**TASK STATEMENT**
For this exercise, output exactly the lines from the opening line of the listing through the line with "#9=PRODUCT_DEFINITION_SHAPE('','',#8);", skipping pictures.

**ENTRIES PROVIDED**

####################

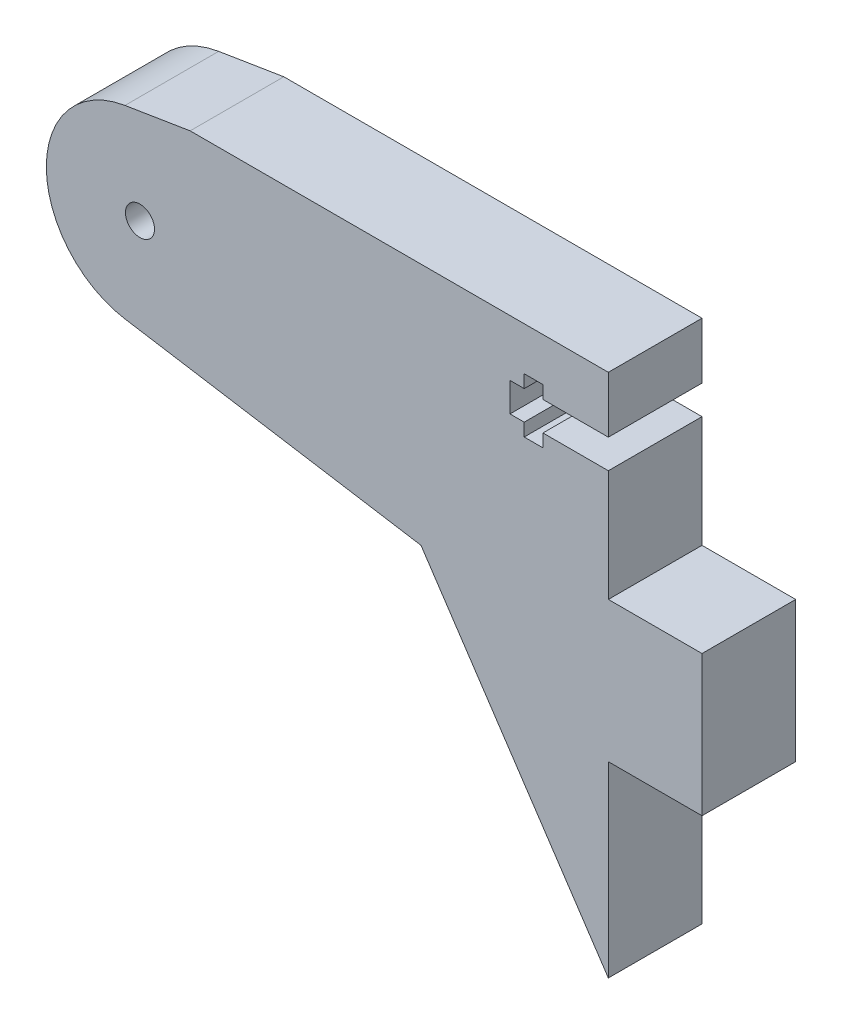
ISO-10303-21;
HEADER;
FILE_DESCRIPTION(('STEP AP214'),'2;1');
FILE_NAME('part.step','',(''),(''),'','','');
FILE_SCHEMA(('AUTOMOTIVE_DESIGN { 1 0 10303 214 1 1 1 1 }'));
ENDSEC;
DATA;
#1=APPLICATION_CONTEXT('core data for automotive mechanical design processes');
#2=APPLICATION_PROTOCOL_DEFINITION('international standard','automotive_design',2000,#1);
#3=PRODUCT_CONTEXT('',#1,'mechanical');
#4=PRODUCT('Part','Part','',(#3));
#5=PRODUCT_RELATED_PRODUCT_CATEGORY('part','',(#4));
#6=PRODUCT_DEFINITION_FORMATION('','',#4);
#7=PRODUCT_DEFINITION_CONTEXT('part definition',#1,'design');
#8=PRODUCT_DEFINITION('design','',#6,#7);
#9=PRODUCT_DEFINITION_SHAPE('','',#8);
#10=(LENGTH_UNIT() NAMED_UNIT(*) SI_UNIT(.MILLI.,.METRE.));
#11=(NAMED_UNIT(*) PLANE_ANGLE_UNIT() SI_UNIT($,.RADIAN.));
#12=(NAMED_UNIT(*) SI_UNIT($,.STERADIAN.) SOLID_ANGLE_UNIT());
#13=UNCERTAINTY_MEASURE_WITH_UNIT(LENGTH_MEASURE(1.E-05),#10,'distance_accuracy_value','');
#14=(GEOMETRIC_REPRESENTATION_CONTEXT(3) GLOBAL_UNCERTAINTY_ASSIGNED_CONTEXT((#13)) GLOBAL_UNIT_ASSIGNED_CONTEXT((#10,
#11,#12)) REPRESENTATION_CONTEXT('',''));
#15=CARTESIAN_POINT('',(0.,0.,0.));
#16=DIRECTION('',(0.,0.,1.));
#17=DIRECTION('',(1.,0.,0.));
#18=AXIS2_PLACEMENT_3D('',#15,#16,#17);
#19=CARTESIAN_POINT('',(-447.064585695293,-68.9557688613445,10.));
#20=DIRECTION('',(-1.,0.,0.));
#21=DIRECTION('',(0.,0.,1.));
#22=AXIS2_PLACEMENT_3D('',#19,#20,#21);
#23=PLANE('',#22);
#24=DIRECTION('',(0.,1.,0.));
#25=VECTOR('',#24,1.);
#26=CARTESIAN_POINT('',(-447.064585695293,-68.9557688613445,0.));
#27=LINE('',#26,#25);
#28=CARTESIAN_POINT('',(-447.064585695293,-78.9557688613445,0.));
#29=VERTEX_POINT('',#28);
#30=CARTESIAN_POINT('',(-447.064585695293,-72.9557688613445,0.));
#31=VERTEX_POINT('',#30);
#32=EDGE_CURVE('E196',#29,#31,#27,.T.);
#33=ORIENTED_EDGE('',*,*,#32,.T.);
#34=DIRECTION('',(0.,0.,-1.));
#35=VECTOR('',#34,1.);
#36=CARTESIAN_POINT('',(-447.064585695293,-72.9557688613445,10.));
#37=LINE('',#36,#35);
#38=CARTESIAN_POINT('',(-447.064585695293,-72.9557688613445,10.));
#39=VERTEX_POINT('',#38);
#40=EDGE_CURVE('E49',#39,#31,#37,.T.);
#41=ORIENTED_EDGE('',*,*,#40,.F.);
#42=DIRECTION('',(0.,1.,0.));
#43=VECTOR('',#42,1.);
#44=CARTESIAN_POINT('',(-447.064585695293,-68.9557688613445,10.));
#45=LINE('',#44,#43);
#46=CARTESIAN_POINT('',(-447.064585695293,-78.9557688613445,10.));
#47=VERTEX_POINT('',#46);
#48=EDGE_CURVE('E194',#47,#39,#45,.T.);
#49=ORIENTED_EDGE('',*,*,#48,.F.);
#50=DIRECTION('',(0.,0.,-1.));
#51=VECTOR('',#50,1.);
#52=CARTESIAN_POINT('',(-447.064585695293,-78.9557688613445,10.));
#53=LINE('',#52,#51);
#54=EDGE_CURVE('E330',#47,#29,#53,.T.);
#55=ORIENTED_EDGE('',*,*,#54,.T.);
#56=EDGE_LOOP('',(#33,#41,#49,#55));
#57=FACE_BOUND('',#56,.T.);
#58=ADVANCED_FACE('F34',(#57),#23,.F.);
#59=CARTESIAN_POINT('',(-467.064585695293,-68.9557688613445,10.));
#60=DIRECTION('',(0.160208282495524,-0.987083231657713,0.));
#61=DIRECTION('',(0.987083231657713,0.160208282495524,0.));
#62=AXIS2_PLACEMENT_3D('',#59,#60,#61);
#63=PLANE('',#62);
#64=DIRECTION('',(-0.987083231657713,-0.160208282495524,0.));
#65=VECTOR('',#64,1.);
#66=CARTESIAN_POINT('',(-467.064585695293,-68.9557688613445,10.));
#67=LINE('',#66,#65);
#68=CARTESIAN_POINT('',(-491.709584475186,-72.9557688613445,10.));
#69=VERTEX_POINT('',#68);
#70=CARTESIAN_POINT('',(-498.666668520249,-74.0849365447674,10.));
#71=VERTEX_POINT('',#70);
#72=EDGE_CURVE('E246',#69,#71,#67,.T.);
#73=ORIENTED_EDGE('',*,*,#72,.F.);
#74=DIRECTION('',(0.,0.,-1.));
#75=VECTOR('',#74,1.);
#76=CARTESIAN_POINT('',(-491.709584475186,-72.9557688613445,10.));
#77=LINE('',#76,#75);
#78=CARTESIAN_POINT('',(-491.709584475186,-72.9557688613445,0.));
#79=VERTEX_POINT('',#78);
#80=EDGE_CURVE('E184',#69,#79,#77,.T.);
#81=ORIENTED_EDGE('',*,*,#80,.T.);
#82=DIRECTION('',(-0.987083231657713,-0.160208282495524,0.));
#83=VECTOR('',#82,1.);
#84=CARTESIAN_POINT('',(-467.064585695293,-68.9557688613445,0.));
#85=LINE('',#84,#83);
#86=CARTESIAN_POINT('',(-498.666668520249,-74.0849365447674,0.));
#87=VERTEX_POINT('',#86);
#88=EDGE_CURVE('E243',#79,#87,#85,.T.);
#89=ORIENTED_EDGE('',*,*,#88,.T.);
#90=DIRECTION('',(0.,0.,-1.));
#91=VECTOR('',#90,1.);
#92=CARTESIAN_POINT('',(-498.666668520249,-74.0849365447674,10.));
#93=LINE('',#92,#91);
#94=EDGE_CURVE('E11',#71,#87,#93,.T.);
#95=ORIENTED_EDGE('',*,*,#94,.F.);
#96=EDGE_LOOP('',(#73,#81,#89,#95));
#97=FACE_BOUND('',#96,.T.);
#98=ADVANCED_FACE('F36',(#97),#63,.F.);
#99=CARTESIAN_POINT('',(-497.064585695293,-83.9557688613445,10.));
#100=DIRECTION('',(0.,0.,-1.));
#101=DIRECTION('',(-1.,0.,0.));
#102=AXIS2_PLACEMENT_3D('',#99,#100,#101);
#103=CYLINDRICAL_SURFACE('',#102,9.99999999999999);
#104=CARTESIAN_POINT('',(-497.064585695293,-83.9557688613445,0.));
#105=DIRECTION('',(0.,0.,1.));
#106=DIRECTION('',(1.,0.,0.));
#107=AXIS2_PLACEMENT_3D('',#104,#105,#106);
#108=CIRCLE('',#107,9.99999999999999);
#109=CARTESIAN_POINT('',(-498.666668520249,-93.8266011779216,0.));
#110=VERTEX_POINT('',#109);
#111=EDGE_CURVE('E261',#87,#110,#108,.T.);
#112=ORIENTED_EDGE('',*,*,#111,.T.);
#113=DIRECTION('',(0.,0.,-1.));
#114=VECTOR('',#113,1.);
#115=CARTESIAN_POINT('',(-498.666668520249,-93.8266011779216,10.));
#116=LINE('',#115,#114);
#117=CARTESIAN_POINT('',(-498.666668520249,-93.8266011779216,10.));
#118=VERTEX_POINT('',#117);
#119=EDGE_CURVE('E42',#118,#110,#116,.T.);
#120=ORIENTED_EDGE('',*,*,#119,.F.);
#121=CARTESIAN_POINT('',(-497.064585695293,-83.9557688613445,10.));
#122=DIRECTION('',(0.,0.,1.));
#123=DIRECTION('',(1.,0.,0.));
#124=AXIS2_PLACEMENT_3D('',#121,#122,#123);
#125=CIRCLE('',#124,9.99999999999999);
#126=EDGE_CURVE('E248',#71,#118,#125,.T.);
#127=ORIENTED_EDGE('',*,*,#126,.F.);
#128=ORIENTED_EDGE('',*,*,#94,.T.);
#129=EDGE_LOOP('',(#112,#120,#127,#128));
#130=FACE_BOUND('',#129,.T.);
#131=ADVANCED_FACE('F294',(#130),#103,.T.);
#132=CARTESIAN_POINT('',(-467.064585695293,-98.9557688613445,10.));
#133=DIRECTION('',(0.160208282495523,0.987083231657713,0.));
#134=DIRECTION('',(-0.987083231657713,0.160208282495523,0.));
#135=AXIS2_PLACEMENT_3D('',#132,#133,#134);
#136=PLANE('',#135);
#137=DIRECTION('',(0.987083231657713,-0.160208282495523,0.));
#138=VECTOR('',#137,1.);
#139=CARTESIAN_POINT('',(-467.064585695293,-98.9557688613445,0.));
#140=LINE('',#139,#138);
#141=CARTESIAN_POINT('',(-467.064585695293,-98.9557688613445,0.));
#142=VERTEX_POINT('',#141);
#143=EDGE_CURVE('E263',#110,#142,#140,.T.);
#144=ORIENTED_EDGE('',*,*,#143,.T.);
#145=DIRECTION('',(0.,0.,-1.));
#146=VECTOR('',#145,1.);
#147=CARTESIAN_POINT('',(-467.064585695293,-98.9557688613445,10.));
#148=LINE('',#147,#146);
#149=CARTESIAN_POINT('',(-467.064585695293,-98.9557688613445,10.));
#150=VERTEX_POINT('',#149);
#151=EDGE_CURVE('E271',#150,#142,#148,.T.);
#152=ORIENTED_EDGE('',*,*,#151,.F.);
#153=DIRECTION('',(0.987083231657713,-0.160208282495523,0.));
#154=VECTOR('',#153,1.);
#155=CARTESIAN_POINT('',(-467.064585695293,-98.9557688613445,10.));
#156=LINE('',#155,#154);
#157=EDGE_CURVE('E251',#118,#150,#156,.T.);
#158=ORIENTED_EDGE('',*,*,#157,.F.);
#159=ORIENTED_EDGE('',*,*,#119,.T.);
#160=EDGE_LOOP('',(#144,#152,#158,#159));
#161=FACE_BOUND('',#160,.T.);
#162=ADVANCED_FACE('F278',(#161),#136,.F.);
#163=CARTESIAN_POINT('',(-447.064585695293,-128.955768861344,10.));
#164=DIRECTION('',(0.832050294337844,0.554700196225228,0.));
#165=DIRECTION('',(-0.554700196225228,0.832050294337844,0.));
#166=AXIS2_PLACEMENT_3D('',#163,#164,#165);
#167=PLANE('',#166);
#168=DIRECTION('',(0.554700196225228,-0.832050294337844,0.));
#169=VECTOR('',#168,1.);
#170=CARTESIAN_POINT('',(-447.064585695293,-128.955768861344,0.));
#171=LINE('',#170,#169);
#172=CARTESIAN_POINT('',(-447.064585695293,-128.955768861344,0.));
#173=VERTEX_POINT('',#172);
#174=EDGE_CURVE('E265',#142,#173,#171,.T.);
#175=ORIENTED_EDGE('',*,*,#174,.T.);
#176=DIRECTION('',(0.,0.,-1.));
#177=VECTOR('',#176,1.);
#178=CARTESIAN_POINT('',(-447.064585695293,-128.955768861344,10.));
#179=LINE('',#178,#177);
#180=CARTESIAN_POINT('',(-447.064585695293,-128.955768861344,10.));
#181=VERTEX_POINT('',#180);
#182=EDGE_CURVE('E259',#181,#173,#179,.T.);
#183=ORIENTED_EDGE('',*,*,#182,.F.);
#184=DIRECTION('',(0.554700196225228,-0.832050294337844,0.));
#185=VECTOR('',#184,1.);
#186=CARTESIAN_POINT('',(-447.064585695293,-128.955768861344,10.));
#187=LINE('',#186,#185);
#188=EDGE_CURVE('E253',#150,#181,#187,.T.);
#189=ORIENTED_EDGE('',*,*,#188,.F.);
#190=ORIENTED_EDGE('',*,*,#151,.T.);
#191=EDGE_LOOP('',(#175,#183,#189,#190));
#192=FACE_BOUND('',#191,.T.);
#193=ADVANCED_FACE('F291',(#192),#167,.F.);
#194=CARTESIAN_POINT('',(-437.064585695293,-68.9557688613445,10.));
#195=DIRECTION('',(-1.,0.,0.));
#196=DIRECTION('',(0.,0.,1.));
#197=AXIS2_PLACEMENT_3D('',#194,#195,#196);
#198=PLANE('',#197);
#199=DIRECTION('',(0.,1.,0.));
#200=VECTOR('',#199,1.);
#201=CARTESIAN_POINT('',(-437.064585695293,-68.9557688613445,0.));
#202=LINE('',#201,#200);
#203=CARTESIAN_POINT('',(-437.064585695293,-108.955768861344,0.));
#204=VERTEX_POINT('',#203);
#205=CARTESIAN_POINT('',(-437.064585695293,-93.9557688613445,0.));
#206=VERTEX_POINT('',#205);
#207=EDGE_CURVE('E249',#204,#206,#202,.T.);
#208=ORIENTED_EDGE('',*,*,#207,.T.);
#209=DIRECTION('',(0.,0.,-1.));
#210=VECTOR('',#209,1.);
#211=CARTESIAN_POINT('',(-437.064585695293,-93.9557688613445,10.));
#212=LINE('',#211,#210);
#213=CARTESIAN_POINT('',(-437.064585695293,-93.9557688613445,10.));
#214=VERTEX_POINT('',#213);
#215=EDGE_CURVE('E208',#214,#206,#212,.T.);
#216=ORIENTED_EDGE('',*,*,#215,.F.);
#217=DIRECTION('',(0.,1.,0.));
#218=VECTOR('',#217,1.);
#219=CARTESIAN_POINT('',(-437.064585695293,-128.955768861344,10.));
#220=LINE('',#219,#218);
#221=CARTESIAN_POINT('',(-437.064585695293,-108.955768861344,10.));
#222=VERTEX_POINT('',#221);
#223=EDGE_CURVE('E256',#222,#214,#220,.T.);
#224=ORIENTED_EDGE('',*,*,#223,.F.);
#225=DIRECTION('',(0.,0.,-1.));
#226=VECTOR('',#225,1.);
#227=CARTESIAN_POINT('',(-437.064585695293,-108.955768861344,10.));
#228=LINE('',#227,#226);
#229=EDGE_CURVE('E231',#222,#204,#228,.T.);
#230=ORIENTED_EDGE('',*,*,#229,.T.);
#231=EDGE_LOOP('',(#208,#216,#224,#230));
#232=FACE_BOUND('',#231,.T.);
#233=ADVANCED_FACE('F430',(#232),#198,.F.);
#234=CARTESIAN_POINT('',(-497.064585695293,-83.9557688613445,10.));
#235=DIRECTION('',(0.,0.,1.));
#236=DIRECTION('',(1.,0.,0.));
#237=AXIS2_PLACEMENT_3D('',#234,#235,#236);
#238=PLANE('',#237);
#239=DIRECTION('',(-1.,0.,0.));
#240=VECTOR('',#239,1.);
#241=CARTESIAN_POINT('',(-447.064585695293,-72.9557688613445,10.));
#242=LINE('',#241,#240);
#243=EDGE_CURVE('E181',#39,#69,#242,.T.);
#244=ORIENTED_EDGE('',*,*,#243,.T.);
#245=ORIENTED_EDGE('',*,*,#72,.T.);
#246=ORIENTED_EDGE('',*,*,#126,.T.);
#247=ORIENTED_EDGE('',*,*,#157,.T.);
#248=ORIENTED_EDGE('',*,*,#188,.T.);
#249=DIRECTION('',(0.,1.,0.));
#250=VECTOR('',#249,1.);
#251=CARTESIAN_POINT('',(-447.064585695293,-108.955768861344,10.));
#252=LINE('',#251,#250);
#253=CARTESIAN_POINT('',(-447.064585695293,-108.955768861344,10.));
#254=VERTEX_POINT('',#253);
#255=EDGE_CURVE('E227',#181,#254,#252,.T.);
#256=ORIENTED_EDGE('',*,*,#255,.T.);
#257=DIRECTION('',(1.,0.,0.));
#258=VECTOR('',#257,1.);
#259=CARTESIAN_POINT('',(-437.064585695293,-108.955768861344,10.));
#260=LINE('',#259,#258);
#261=EDGE_CURVE('E224',#254,#222,#260,.T.);
#262=ORIENTED_EDGE('',*,*,#261,.T.);
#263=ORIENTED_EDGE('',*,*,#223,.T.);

####################

**SOLUTION FOR THIS PROBLEM**
ISO-10303-21;
HEADER;
FILE_DESCRIPTION(('STEP AP214'),'2;1');
FILE_NAME('part.step','',(''),(''),'','','');
FILE_SCHEMA(('AUTOMOTIVE_DESIGN { 1 0 10303 214 1 1 1 1 }'));
ENDSEC;
DATA;
#1=APPLICATION_CONTEXT('core data for automotive mechanical design processes');
#2=APPLICATION_PROTOCOL_DEFINITION('international standard','automotive_design',2000,#1);
#3=PRODUCT_CONTEXT('',#1,'mechanical');
#4=PRODUCT('Part','Part','',(#3));
#5=PRODUCT_RELATED_PRODUCT_CATEGORY('part','',(#4));
#6=PRODUCT_DEFINITION_FORMATION('','',#4);
#7=PRODUCT_DEFINITION_CONTEXT('part definition',#1,'design');
#8=PRODUCT_DEFINITION('design','',#6,#7);
#9=PRODUCT_DEFINITION_SHAPE('','',#8);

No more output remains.